**THE TASK:**
Leave the pictures out and give every entry again exactly.

──────

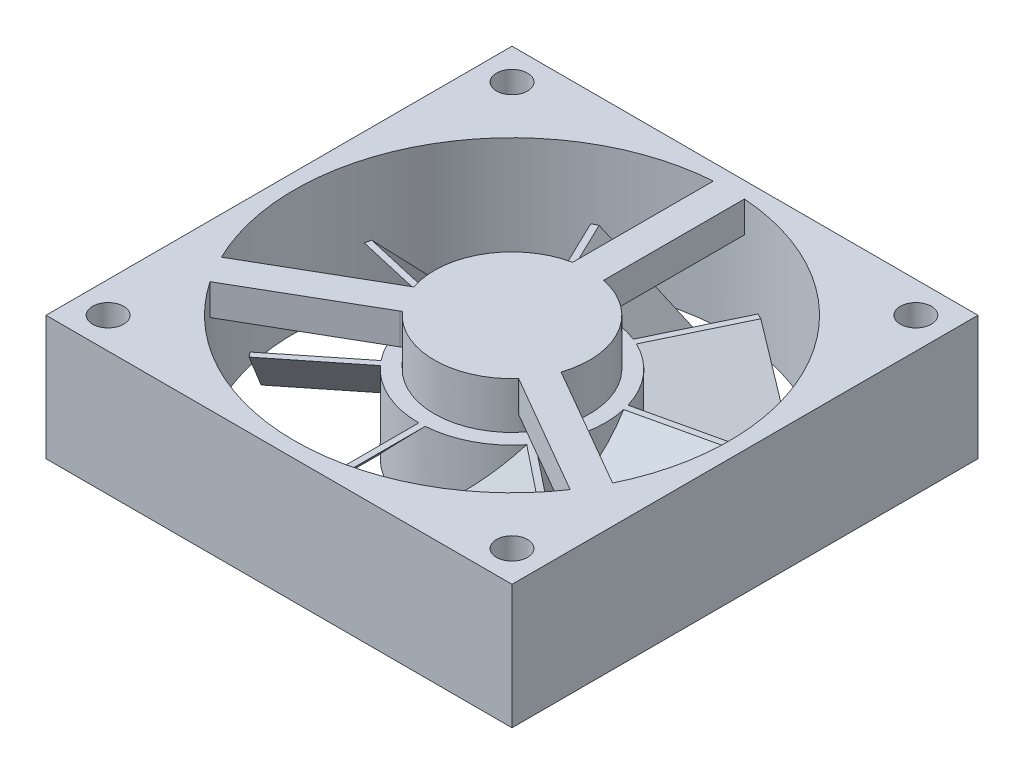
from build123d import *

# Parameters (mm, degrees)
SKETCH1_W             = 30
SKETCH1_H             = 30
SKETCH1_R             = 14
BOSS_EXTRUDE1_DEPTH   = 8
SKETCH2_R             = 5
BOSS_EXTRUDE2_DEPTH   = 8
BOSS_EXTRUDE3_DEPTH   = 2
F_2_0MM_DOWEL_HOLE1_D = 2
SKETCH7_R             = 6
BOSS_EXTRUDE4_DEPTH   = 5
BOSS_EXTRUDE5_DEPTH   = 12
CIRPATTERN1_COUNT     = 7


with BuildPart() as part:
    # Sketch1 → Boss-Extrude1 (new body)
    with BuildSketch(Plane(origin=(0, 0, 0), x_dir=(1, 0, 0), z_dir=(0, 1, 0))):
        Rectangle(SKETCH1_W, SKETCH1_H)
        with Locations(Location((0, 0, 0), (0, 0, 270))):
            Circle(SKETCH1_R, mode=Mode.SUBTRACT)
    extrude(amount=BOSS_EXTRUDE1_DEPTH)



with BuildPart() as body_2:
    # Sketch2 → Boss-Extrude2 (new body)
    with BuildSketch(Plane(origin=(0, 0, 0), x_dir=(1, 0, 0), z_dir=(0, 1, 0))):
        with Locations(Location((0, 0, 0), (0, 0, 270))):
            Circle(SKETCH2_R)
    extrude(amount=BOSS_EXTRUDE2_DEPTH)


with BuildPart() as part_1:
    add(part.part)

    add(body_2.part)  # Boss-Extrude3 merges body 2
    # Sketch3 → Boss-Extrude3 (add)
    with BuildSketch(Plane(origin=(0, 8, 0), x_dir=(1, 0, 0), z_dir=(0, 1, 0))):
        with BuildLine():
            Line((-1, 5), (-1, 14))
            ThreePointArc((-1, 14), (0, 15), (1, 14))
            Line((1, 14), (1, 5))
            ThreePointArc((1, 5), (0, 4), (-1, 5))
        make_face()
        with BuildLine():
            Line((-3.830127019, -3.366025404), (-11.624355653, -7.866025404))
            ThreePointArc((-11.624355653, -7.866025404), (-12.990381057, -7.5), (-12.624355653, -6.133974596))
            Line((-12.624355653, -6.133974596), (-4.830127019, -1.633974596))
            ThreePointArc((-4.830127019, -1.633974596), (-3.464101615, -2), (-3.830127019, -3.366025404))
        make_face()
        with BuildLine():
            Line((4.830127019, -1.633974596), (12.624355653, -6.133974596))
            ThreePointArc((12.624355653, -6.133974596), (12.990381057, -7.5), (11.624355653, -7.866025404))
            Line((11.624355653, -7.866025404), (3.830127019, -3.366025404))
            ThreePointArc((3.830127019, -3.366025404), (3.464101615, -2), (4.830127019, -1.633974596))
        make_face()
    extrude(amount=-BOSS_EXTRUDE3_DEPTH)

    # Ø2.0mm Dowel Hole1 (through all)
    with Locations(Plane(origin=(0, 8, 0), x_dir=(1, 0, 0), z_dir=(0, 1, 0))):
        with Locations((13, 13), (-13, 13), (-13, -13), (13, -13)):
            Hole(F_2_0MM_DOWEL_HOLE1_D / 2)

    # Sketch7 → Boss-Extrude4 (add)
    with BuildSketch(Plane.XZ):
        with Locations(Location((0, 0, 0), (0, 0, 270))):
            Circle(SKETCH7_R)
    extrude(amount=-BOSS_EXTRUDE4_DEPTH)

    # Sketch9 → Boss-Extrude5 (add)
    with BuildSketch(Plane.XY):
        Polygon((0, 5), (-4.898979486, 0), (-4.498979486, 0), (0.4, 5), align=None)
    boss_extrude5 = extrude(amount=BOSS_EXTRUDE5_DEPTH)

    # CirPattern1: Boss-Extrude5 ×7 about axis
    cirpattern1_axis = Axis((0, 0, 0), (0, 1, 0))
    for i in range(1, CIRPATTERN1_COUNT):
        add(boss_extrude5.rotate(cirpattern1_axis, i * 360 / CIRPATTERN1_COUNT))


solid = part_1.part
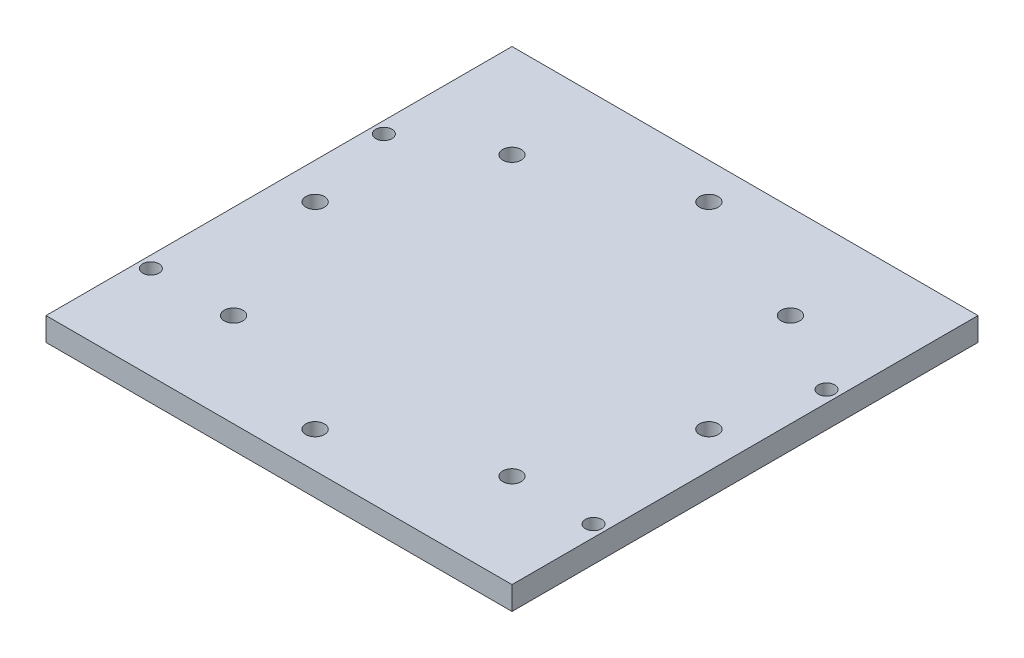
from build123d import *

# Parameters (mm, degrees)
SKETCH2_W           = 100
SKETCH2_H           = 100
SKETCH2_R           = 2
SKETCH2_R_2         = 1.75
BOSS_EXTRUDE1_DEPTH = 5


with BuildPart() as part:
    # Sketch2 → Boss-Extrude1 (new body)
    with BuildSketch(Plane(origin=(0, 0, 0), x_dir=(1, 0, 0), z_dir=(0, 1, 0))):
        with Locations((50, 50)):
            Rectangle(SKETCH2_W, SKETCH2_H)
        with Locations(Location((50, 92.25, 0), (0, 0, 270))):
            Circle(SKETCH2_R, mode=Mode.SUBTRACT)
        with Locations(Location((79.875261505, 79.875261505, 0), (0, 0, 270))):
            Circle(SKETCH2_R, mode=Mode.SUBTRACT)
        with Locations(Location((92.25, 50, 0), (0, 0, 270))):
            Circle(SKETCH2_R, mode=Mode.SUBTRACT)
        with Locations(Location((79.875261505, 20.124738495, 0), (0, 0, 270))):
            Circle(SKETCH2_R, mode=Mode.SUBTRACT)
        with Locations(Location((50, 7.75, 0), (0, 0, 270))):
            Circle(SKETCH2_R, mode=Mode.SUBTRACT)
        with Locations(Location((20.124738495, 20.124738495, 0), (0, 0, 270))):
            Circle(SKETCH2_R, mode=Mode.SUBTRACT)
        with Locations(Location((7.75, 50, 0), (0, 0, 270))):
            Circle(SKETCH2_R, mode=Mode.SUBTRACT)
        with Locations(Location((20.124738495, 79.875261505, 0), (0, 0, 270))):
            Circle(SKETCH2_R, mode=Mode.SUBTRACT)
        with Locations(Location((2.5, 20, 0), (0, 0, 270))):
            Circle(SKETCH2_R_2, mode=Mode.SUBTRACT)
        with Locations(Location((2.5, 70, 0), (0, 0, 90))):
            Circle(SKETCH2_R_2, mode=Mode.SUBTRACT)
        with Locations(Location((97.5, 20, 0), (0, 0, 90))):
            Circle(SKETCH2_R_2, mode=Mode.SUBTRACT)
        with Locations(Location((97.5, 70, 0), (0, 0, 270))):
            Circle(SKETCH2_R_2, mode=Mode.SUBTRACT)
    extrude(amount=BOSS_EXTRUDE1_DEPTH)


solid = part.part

──────

**YOUR RESPONSE:**
from build123d import *

# Parameters (mm, degrees)
SKETCH1_W             = 30
SKETCH1_H             = 30
SKETCH1_R             = 14
BOSS_EXTRUDE1_DEPTH   = 8
SKETCH2_R             = 5
BOSS_EXTRUDE2_DEPTH   = 8
BOSS_EXTRUDE3_DEPTH   = 2
F_2_0MM_DOWEL_HOLE1_D = 2
SKETCH7_R             = 6
BOSS_EXTRUDE4_DEPTH   = 5
BOSS_EXTRUDE5_DEPTH   = 12
CIRPATTERN1_COUNT     = 7


with BuildPart() as part:
    # Sketch1 → Boss-Extrude1 (new body)
    with BuildSketch(Plane(origin=(0, 0, 0), x_dir=(1, 0, 0), z_dir=(0, 1, 0))):
        Rectangle(SKETCH1_W, SKETCH1_H)
        with Locations(Location((0, 0, 0), (0, 0, 270))):
            Circle(SKETCH1_R, mode=Mode.SUBTRACT)
    extrude(amount=BOSS_EXTRUDE1_DEPTH)



with BuildPart() as body_2:
    # Sketch2 → Boss-Extrude2 (new body)
    with BuildSketch(Plane(origin=(0, 0, 0), x_dir=(1, 0, 0), z_dir=(0, 1, 0))):
        with Locations(Location((0, 0, 0), (0, 0, 270))):
            Circle(SKETCH2_R)
    extrude(amount=BOSS_EXTRUDE2_DEPTH)


with BuildPart() as part_1:
    add(part.part)

    add(body_2.part)  # Boss-Extrude3 merges body 2
    # Sketch3 → Boss-Extrude3 (add)
    with BuildSketch(Plane(origin=(0, 8, 0), x_dir=(1, 0, 0), z_dir=(0, 1, 0))):
        with BuildLine():
            Line((-1, 5), (-1, 14))
            ThreePointArc((-1, 14), (0, 15), (1, 14))
            Line((1, 14), (1, 5))
            ThreePointArc((1, 5), (0, 4), (-1, 5))
        make_face()
        with BuildLine():
            Line((-3.830127019, -3.366025404), (-11.624355653, -7.866025404))
            ThreePointArc((-11.624355653, -7.866025404), (-12.990381057, -7.5), (-12.624355653, -6.133974596))
            Line((-12.624355653, -6.133974596), (-4.830127019, -1.633974596))
            ThreePointArc((-4.830127019, -1.633974596), (-3.464101615, -2), (-3.830127019, -3.366025404))
        make_face()
        with BuildLine():
            Line((4.830127019, -1.633974596), (12.624355653, -6.133974596))
            ThreePointArc((12.624355653, -6.133974596), (12.990381057, -7.5), (11.624355653, -7.866025404))
            Line((11.624355653, -7.866025404), (3.830127019, -3.366025404))
            ThreePointArc((3.830127019, -3.366025404), (3.464101615, -2), (4.830127019, -1.633974596))
        make_face()
    extrude(amount=-BOSS_EXTRUDE3_DEPTH)

    # Ø2.0mm Dowel Hole1 (through all)
    with Locations(Plane(origin=(0, 8, 0), x_dir=(1, 0, 0), z_dir=(0, 1, 0))):
        with Locations((13, 13), (-13, 13), (-13, -13), (13, -13)):
            Hole(F_2_0MM_DOWEL_HOLE1_D / 2)

    # Sketch7 → Boss-Extrude4 (add)
    with BuildSketch(Plane.XZ):
        with Locations(Location((0, 0, 0), (0, 0, 270))):
            Circle(SKETCH7_R)
    extrude(amount=-BOSS_EXTRUDE4_DEPTH)

    # Sketch9 → Boss-Extrude5 (add)
    with BuildSketch(Plane.XY):
        Polygon((0, 5), (-4.898979486, 0), (-4.498979486, 0), (0.4, 5), align=None)
    boss_extrude5 = extrude(amount=BOSS_EXTRUDE5_DEPTH)

    # CirPattern1: Boss-Extrude5 ×7 about axis
    cirpattern1_axis = Axis((0, 0, 0), (0, 1, 0))
    for i in range(1, CIRPATTERN1_COUNT):
        add(boss_extrude5.rotate(cirpattern1_axis, i * 360 / CIRPATTERN1_COUNT))


solid = part_1.part
from build123d import *

# Parameters (mm, degrees)
SKETCH2_W           = 100
SKETCH2_H           = 100
SKETCH2_R           = 2
SKETCH2_R_2         = 1.75
BOSS_EXTRUDE1_DEPTH = 5


with BuildPart() as part:
    # Sketch2 → Boss-Extrude1 (new body)
    with BuildSketch(Plane(origin=(0, 0, 0), x_dir=(1, 0, 0), z_dir=(0, 1, 0))):
        with Locations((50, 50)):
            Rectangle(SKETCH2_W, SKETCH2_H)
        with Locations(Location((50, 92.25, 0), (0, 0, 270))):
            Circle(SKETCH2_R, mode=Mode.SUBTRACT)
        with Locations(Location((79.875261505, 79.875261505, 0), (0, 0, 270))):
            Circle(SKETCH2_R, mode=Mode.SUBTRACT)
        with Locations(Location((92.25, 50, 0), (0, 0, 270))):
            Circle(SKETCH2_R, mode=Mode.SUBTRACT)
        with Locations(Location((79.875261505, 20.124738495, 0), (0, 0, 270))):
            Circle(SKETCH2_R, mode=Mode.SUBTRACT)
        with Locations(Location((50, 7.75, 0), (0, 0, 270))):
            Circle(SKETCH2_R, mode=Mode.SUBTRACT)
        with Locations(Location((20.124738495, 20.124738495, 0), (0, 0, 270))):
            Circle(SKETCH2_R, mode=Mode.SUBTRACT)
        with Locations(Location((7.75, 50, 0), (0, 0, 270))):
            Circle(SKETCH2_R, mode=Mode.SUBTRACT)
        with Locations(Location((20.124738495, 79.875261505, 0), (0, 0, 270))):
            Circle(SKETCH2_R, mode=Mode.SUBTRACT)
        with Locations(Location((2.5, 20, 0), (0, 0, 270))):
            Circle(SKETCH2_R_2, mode=Mode.SUBTRACT)
        with Locations(Location((2.5, 70, 0), (0, 0, 90))):
            Circle(SKETCH2_R_2, mode=Mode.SUBTRACT)
        with Locations(Location((97.5, 20, 0), (0, 0, 90))):
            Circle(SKETCH2_R_2, mode=Mode.SUBTRACT)
        with Locations(Location((97.5, 70, 0), (0, 0, 270))):
            Circle(SKETCH2_R_2, mode=Mode.SUBTRACT)
    extrude(amount=BOSS_EXTRUDE1_DEPTH)


solid = part.part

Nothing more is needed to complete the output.